Asl Napoli 2 Nord. Assistenza ai diabetici, Aspat: “Disagi e liste di attesa per 58 mila pazienti”

Asl Napoli 2 Nord. Assistenza ai diabetici, Aspat: “Disagi e liste di attesa per 58 mila pazienti”

Asl Napoli 2 Nord. Assistenza ai diabetici, Aspat: “Disagi e liste di attesa per 58 mila pazienti”
L’associazione della sanità privata accreditata territoriale chiede alla Regione di portare a conclusione l’accreditamento, revocato da un anno, dei centri “che per 10 anni hanno garantito assistenza”. “Su 11 centri autorizzati e in attesa di accreditamento, ad oggi la Asl ha attrezzato solo tre ambulatori pubblici”, contesta l’Aspat.

Crisi dell’assistenza diabetologica sul territorio della Asl Napoli 2 Nord: “I 58 mila pazienti diabetici della Asl, a un anno dalla revoca, da parte dell’azienda, del contratto di servizio con i centri privati autorizzati che avevano in carico circa 12 mila pazienti, lamentano quotidianamente disagi e vuoti assistenziali presso i centri ambulatoriali nel frattempo allestiti  nei distretti”. A denunciarlo è l’Aspat, associazione di categoria della sanità privata accreditata.

“Su 11 centri autorizzati e in attesa di accreditamento che a 360° erano dedicati all’assistenza ai diabetici del territorio – afferma l’Aspat in una nota – oggi la Asl ha attrezzato solo tre ambulatori pubblici a Pozzuoli, Marano e Frattamaggiore dove si scontano liste di attesa, parcellizzazione dei servizi e mancanza in un unico luogo di servizi che un tempo assicuravano dalle analisi di laboratorio, al Piede diabetico, alle branche specialistiche di oculistica, cardiologia e chirurgia vascolare peraltro con costi molto superiori a quelli dei contratti di servizio un tempo in essere.

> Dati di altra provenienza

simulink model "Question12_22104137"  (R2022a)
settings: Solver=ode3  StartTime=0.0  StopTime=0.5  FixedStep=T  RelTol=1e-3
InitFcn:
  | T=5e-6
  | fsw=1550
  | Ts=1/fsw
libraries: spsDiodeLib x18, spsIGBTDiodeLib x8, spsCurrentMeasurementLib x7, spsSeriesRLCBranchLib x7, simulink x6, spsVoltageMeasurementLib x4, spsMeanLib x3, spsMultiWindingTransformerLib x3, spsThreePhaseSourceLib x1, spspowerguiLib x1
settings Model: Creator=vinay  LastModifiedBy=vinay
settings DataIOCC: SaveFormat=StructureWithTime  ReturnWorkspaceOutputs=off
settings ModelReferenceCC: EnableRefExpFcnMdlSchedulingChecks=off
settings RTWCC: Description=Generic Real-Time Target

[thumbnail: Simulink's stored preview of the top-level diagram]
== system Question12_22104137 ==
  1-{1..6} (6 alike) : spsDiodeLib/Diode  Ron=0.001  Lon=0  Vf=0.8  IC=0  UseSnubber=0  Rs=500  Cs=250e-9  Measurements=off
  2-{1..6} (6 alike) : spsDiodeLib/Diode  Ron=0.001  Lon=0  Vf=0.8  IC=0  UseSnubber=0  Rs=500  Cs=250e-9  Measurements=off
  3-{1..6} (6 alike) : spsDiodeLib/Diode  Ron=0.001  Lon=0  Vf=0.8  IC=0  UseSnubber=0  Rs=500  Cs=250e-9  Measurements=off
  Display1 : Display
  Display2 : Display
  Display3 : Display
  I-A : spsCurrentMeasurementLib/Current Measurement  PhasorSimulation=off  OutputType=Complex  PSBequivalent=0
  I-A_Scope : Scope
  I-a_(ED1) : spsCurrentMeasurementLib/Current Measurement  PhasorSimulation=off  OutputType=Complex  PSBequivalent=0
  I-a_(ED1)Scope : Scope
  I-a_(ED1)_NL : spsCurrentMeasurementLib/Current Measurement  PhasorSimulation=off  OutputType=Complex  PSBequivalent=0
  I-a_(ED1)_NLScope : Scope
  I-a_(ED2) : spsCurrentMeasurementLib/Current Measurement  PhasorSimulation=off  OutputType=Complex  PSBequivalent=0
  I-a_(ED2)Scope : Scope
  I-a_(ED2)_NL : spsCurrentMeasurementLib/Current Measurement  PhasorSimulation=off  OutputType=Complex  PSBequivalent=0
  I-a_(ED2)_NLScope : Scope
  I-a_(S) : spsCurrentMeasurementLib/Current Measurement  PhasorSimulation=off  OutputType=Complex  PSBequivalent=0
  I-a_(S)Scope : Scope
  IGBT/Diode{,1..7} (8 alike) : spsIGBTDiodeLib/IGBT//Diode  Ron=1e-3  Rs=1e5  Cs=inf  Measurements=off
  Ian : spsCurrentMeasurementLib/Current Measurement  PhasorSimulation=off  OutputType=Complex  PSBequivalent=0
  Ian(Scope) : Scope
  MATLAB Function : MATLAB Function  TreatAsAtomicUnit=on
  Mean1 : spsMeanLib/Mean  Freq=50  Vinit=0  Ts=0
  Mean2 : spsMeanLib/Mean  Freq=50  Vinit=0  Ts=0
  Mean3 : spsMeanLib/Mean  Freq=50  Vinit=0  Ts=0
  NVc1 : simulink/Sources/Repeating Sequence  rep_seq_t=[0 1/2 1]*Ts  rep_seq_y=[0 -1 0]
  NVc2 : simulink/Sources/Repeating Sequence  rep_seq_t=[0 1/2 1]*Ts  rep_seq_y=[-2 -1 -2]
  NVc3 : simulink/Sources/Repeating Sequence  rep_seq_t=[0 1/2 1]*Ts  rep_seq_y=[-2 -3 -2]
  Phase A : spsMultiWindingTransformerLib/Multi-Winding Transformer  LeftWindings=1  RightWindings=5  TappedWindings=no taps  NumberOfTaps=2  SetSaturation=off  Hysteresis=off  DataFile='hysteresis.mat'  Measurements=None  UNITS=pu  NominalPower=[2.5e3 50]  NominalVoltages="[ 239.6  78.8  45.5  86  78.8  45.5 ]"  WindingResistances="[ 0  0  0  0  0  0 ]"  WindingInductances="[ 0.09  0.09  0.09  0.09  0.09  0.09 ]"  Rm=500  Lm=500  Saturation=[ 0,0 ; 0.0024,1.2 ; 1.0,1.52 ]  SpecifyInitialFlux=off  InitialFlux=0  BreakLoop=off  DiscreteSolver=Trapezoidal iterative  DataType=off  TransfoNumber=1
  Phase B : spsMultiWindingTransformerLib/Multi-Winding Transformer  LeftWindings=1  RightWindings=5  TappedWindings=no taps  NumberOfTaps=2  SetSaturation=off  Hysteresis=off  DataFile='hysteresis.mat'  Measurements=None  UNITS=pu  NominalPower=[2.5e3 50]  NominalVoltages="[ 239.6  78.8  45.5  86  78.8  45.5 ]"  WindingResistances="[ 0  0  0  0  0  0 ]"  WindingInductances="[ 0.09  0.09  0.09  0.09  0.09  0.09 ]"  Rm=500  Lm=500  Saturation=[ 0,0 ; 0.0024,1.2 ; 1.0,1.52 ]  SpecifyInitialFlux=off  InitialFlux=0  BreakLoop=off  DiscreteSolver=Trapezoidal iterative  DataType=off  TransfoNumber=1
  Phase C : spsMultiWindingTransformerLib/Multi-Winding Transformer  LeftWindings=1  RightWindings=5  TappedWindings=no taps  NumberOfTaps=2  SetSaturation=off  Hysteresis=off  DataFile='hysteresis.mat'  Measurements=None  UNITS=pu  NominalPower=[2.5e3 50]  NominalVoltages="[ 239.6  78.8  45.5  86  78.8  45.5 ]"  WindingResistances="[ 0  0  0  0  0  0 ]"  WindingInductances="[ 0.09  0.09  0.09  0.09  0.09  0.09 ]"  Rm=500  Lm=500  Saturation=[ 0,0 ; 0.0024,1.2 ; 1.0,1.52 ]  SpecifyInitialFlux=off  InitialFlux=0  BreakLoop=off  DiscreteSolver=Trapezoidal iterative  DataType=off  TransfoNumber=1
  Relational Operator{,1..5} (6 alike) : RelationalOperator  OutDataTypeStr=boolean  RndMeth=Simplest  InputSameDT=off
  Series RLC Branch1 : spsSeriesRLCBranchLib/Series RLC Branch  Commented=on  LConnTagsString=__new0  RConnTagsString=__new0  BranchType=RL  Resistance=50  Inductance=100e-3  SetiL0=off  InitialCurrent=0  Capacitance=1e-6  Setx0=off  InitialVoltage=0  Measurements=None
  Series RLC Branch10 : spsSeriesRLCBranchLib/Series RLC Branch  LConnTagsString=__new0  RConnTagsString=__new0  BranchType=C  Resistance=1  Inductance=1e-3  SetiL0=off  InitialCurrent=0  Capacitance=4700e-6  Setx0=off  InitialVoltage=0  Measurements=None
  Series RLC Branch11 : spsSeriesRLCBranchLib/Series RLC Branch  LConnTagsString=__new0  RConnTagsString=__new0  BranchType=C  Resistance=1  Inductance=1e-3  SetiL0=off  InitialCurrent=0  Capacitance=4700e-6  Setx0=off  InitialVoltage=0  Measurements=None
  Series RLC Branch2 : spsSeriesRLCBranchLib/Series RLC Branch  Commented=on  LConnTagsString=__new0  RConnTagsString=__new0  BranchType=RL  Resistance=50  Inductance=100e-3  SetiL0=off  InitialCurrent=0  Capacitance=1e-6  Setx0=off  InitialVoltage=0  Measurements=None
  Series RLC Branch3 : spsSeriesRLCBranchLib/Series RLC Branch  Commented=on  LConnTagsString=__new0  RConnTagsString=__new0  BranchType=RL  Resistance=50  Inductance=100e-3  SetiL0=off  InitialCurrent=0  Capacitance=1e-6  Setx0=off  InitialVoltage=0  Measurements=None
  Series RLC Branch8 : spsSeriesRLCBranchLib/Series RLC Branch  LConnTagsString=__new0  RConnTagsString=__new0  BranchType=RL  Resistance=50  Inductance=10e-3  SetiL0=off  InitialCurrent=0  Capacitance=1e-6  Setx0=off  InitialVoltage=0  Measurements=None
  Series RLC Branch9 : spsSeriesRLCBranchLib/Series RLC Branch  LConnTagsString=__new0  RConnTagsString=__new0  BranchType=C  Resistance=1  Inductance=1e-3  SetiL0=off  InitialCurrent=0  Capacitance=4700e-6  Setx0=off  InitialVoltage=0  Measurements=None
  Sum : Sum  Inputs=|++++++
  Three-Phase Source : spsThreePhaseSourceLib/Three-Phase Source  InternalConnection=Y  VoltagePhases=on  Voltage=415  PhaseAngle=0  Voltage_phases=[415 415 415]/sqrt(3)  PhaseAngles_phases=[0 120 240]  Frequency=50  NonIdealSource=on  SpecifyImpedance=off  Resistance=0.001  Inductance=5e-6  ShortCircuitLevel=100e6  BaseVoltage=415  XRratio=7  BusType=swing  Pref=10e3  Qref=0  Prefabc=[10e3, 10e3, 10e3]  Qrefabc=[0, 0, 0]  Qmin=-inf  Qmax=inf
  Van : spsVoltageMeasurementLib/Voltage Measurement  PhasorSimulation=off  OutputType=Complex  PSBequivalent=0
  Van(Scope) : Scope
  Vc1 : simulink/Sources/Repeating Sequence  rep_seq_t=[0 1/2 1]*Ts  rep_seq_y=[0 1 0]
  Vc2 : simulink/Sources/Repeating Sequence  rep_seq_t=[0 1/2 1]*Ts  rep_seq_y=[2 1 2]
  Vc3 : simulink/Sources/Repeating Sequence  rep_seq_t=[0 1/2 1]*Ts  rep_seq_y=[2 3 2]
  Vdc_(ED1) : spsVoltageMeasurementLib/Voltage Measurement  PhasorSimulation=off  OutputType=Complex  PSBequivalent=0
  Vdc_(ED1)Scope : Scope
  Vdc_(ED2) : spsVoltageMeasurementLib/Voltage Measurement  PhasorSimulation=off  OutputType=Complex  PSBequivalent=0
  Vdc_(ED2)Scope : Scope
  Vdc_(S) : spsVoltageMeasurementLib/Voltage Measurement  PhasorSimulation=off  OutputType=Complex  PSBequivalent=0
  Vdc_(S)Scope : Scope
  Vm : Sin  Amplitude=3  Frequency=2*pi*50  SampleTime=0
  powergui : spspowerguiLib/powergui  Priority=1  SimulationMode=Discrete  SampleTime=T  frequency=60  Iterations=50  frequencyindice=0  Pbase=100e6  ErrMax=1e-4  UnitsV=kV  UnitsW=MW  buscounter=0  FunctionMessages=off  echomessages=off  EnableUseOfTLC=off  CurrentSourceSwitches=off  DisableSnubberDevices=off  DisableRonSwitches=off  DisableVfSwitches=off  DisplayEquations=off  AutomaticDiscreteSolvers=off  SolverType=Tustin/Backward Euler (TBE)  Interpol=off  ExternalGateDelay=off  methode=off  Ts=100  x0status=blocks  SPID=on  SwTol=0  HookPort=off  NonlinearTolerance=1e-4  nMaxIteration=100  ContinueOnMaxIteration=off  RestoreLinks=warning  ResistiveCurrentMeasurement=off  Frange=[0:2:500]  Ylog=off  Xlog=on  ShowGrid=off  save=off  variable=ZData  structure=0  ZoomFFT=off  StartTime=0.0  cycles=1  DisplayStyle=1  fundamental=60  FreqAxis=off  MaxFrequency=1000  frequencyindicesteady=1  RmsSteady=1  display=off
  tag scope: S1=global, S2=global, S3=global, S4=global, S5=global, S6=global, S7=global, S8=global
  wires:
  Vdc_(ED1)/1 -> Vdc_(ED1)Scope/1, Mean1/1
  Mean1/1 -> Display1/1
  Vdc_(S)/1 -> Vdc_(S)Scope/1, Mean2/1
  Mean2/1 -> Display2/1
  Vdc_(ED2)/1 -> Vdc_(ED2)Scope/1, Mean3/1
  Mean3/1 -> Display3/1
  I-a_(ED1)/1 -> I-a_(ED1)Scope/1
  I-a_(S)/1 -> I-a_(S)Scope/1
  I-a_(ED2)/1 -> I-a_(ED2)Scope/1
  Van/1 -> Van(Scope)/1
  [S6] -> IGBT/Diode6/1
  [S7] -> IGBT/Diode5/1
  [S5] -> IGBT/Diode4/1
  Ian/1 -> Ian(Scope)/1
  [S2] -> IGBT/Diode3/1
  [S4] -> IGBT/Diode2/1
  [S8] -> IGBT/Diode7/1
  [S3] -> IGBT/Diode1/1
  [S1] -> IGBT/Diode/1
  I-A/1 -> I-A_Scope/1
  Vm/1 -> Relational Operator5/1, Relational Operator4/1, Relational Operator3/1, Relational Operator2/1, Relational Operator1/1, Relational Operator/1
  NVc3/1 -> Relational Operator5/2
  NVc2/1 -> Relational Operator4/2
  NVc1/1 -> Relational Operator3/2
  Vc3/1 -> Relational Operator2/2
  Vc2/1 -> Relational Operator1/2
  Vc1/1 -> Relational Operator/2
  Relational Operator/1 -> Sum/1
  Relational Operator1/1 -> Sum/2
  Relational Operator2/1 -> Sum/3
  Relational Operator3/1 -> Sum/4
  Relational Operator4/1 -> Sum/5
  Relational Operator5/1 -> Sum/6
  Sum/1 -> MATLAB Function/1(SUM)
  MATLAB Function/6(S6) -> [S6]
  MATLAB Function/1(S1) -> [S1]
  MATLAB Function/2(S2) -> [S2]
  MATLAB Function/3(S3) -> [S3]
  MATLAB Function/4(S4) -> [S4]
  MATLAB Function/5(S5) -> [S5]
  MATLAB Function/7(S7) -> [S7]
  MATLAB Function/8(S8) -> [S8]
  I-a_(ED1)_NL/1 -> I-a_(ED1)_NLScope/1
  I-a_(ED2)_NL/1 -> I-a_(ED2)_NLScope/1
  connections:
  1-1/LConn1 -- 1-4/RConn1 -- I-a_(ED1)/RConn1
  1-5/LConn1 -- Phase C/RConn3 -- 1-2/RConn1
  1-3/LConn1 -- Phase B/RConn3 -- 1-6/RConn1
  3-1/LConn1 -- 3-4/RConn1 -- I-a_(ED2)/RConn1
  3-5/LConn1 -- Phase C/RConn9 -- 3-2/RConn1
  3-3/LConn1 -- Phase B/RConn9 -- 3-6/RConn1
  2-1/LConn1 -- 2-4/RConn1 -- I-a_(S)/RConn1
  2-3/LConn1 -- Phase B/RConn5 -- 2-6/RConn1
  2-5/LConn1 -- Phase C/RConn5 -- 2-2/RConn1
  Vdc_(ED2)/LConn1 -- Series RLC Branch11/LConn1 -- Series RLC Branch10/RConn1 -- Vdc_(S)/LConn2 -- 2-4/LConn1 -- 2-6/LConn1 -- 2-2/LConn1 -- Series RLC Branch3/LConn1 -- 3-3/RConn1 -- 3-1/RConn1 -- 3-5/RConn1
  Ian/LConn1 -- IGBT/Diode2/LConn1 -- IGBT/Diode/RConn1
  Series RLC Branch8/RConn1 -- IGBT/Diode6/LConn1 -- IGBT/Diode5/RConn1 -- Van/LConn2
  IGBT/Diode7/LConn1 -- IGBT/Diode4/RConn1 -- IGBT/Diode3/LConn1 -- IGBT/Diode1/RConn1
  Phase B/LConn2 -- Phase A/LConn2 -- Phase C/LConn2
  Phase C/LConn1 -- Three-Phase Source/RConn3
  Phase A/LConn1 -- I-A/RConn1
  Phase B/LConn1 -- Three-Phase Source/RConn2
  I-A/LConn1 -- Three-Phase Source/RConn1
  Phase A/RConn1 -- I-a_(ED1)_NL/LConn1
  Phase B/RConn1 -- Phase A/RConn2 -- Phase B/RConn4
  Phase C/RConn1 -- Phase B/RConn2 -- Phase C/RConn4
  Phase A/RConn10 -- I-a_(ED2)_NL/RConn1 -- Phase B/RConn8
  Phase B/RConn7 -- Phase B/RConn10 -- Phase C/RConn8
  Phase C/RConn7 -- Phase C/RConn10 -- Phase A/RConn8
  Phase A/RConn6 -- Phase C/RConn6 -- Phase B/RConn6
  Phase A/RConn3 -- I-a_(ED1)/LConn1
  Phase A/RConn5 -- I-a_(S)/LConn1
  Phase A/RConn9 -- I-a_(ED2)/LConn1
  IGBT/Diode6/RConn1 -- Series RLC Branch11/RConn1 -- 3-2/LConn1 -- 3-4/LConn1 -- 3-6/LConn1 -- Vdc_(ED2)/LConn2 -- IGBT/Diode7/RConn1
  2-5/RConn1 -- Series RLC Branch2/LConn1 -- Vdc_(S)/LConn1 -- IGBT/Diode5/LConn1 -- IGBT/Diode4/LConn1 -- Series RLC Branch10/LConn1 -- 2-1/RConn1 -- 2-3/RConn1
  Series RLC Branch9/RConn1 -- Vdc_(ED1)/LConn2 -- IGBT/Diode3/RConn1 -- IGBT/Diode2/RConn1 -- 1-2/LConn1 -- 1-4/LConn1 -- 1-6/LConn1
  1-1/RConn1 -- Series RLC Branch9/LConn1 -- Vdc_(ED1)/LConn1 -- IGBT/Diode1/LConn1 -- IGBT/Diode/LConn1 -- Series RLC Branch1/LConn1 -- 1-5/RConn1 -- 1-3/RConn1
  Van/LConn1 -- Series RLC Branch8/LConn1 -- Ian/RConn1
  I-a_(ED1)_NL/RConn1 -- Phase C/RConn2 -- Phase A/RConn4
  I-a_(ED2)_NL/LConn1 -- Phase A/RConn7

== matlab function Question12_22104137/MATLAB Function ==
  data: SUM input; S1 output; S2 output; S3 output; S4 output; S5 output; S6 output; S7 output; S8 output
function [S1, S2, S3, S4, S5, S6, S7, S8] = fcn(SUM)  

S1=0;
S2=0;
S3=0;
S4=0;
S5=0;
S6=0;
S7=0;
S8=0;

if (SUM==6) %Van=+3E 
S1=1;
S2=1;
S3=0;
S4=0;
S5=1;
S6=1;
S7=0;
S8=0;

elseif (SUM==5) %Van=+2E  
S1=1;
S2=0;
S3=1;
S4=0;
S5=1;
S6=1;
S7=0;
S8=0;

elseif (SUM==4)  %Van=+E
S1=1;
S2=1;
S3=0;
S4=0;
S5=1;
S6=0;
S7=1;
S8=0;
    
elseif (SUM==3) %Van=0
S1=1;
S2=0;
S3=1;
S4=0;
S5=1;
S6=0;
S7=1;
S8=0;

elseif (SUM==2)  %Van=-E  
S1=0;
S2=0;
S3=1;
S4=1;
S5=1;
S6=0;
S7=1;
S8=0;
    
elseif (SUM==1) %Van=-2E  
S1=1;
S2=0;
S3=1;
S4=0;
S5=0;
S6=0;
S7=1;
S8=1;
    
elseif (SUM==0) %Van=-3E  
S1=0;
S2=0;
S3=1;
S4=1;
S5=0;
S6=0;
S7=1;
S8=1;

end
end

Oggi le ore di specialistica ambulatoriale attivate sono una delle voci di spesa che assorbono per soli tre centri pubblici incompleti nell’offerta assistenziale un costo superiore al budget un tempo assegnato a 12 centri autorizzati e contrattualizzati con la Asl in una integrazione pubblico privato, in chiave di efficienza ed economicità che ha precisi riscontri nella legge. I centri pubblici, tra l’altro, sembrerebbero addirittura privi anche delle certificazioni di accreditamento e dei decreti di autorizzazione sindacale alla realizzazione e all’esercizio dell’attività sanitaria”.

L’Aspat invita alla Regione di concludere il procedimento non più differibile” concernente l’istituzione degli 11 presidi antidiabete previsti in base alle indicazioni della delibera regionale n. 330 del 2016 calcolate in base alla popolazione residente. “Tutte le Asl hanno completato il procedimento di accreditamento alla scadenza dell’ottobre del 2014. Ora occorre che la commissione regionale provveda alla definizione conclusiva dell’offerta pubblica e privata per l’assistenza diabetologica territoriale di II livello”.

“Chiediamo – ribadisce l’Aspat – il rilascio del titolo di accreditamento definitivo per le strutture preesistenti che hanno negli ultimi 10 anni assicurato l’assistenza diabetologia sul territorio e faremo accesso sistematico agli atti amministrativi adottati dalla Asl nell’ambito della istituzione di nuovi presidi dia assistenza diabetologica pubblica procedendo con accesso agli atti, richiesta risarcimento danni, denuncia alla Corte dei conti e richiesta delle certificazioni e autorizzazioni alla realizzazione all’esercizio dei centri antidiabete che l’Asl Napoli 2 nord ha attivato presso l’ospedale di Pozzuoli e nei distretti”.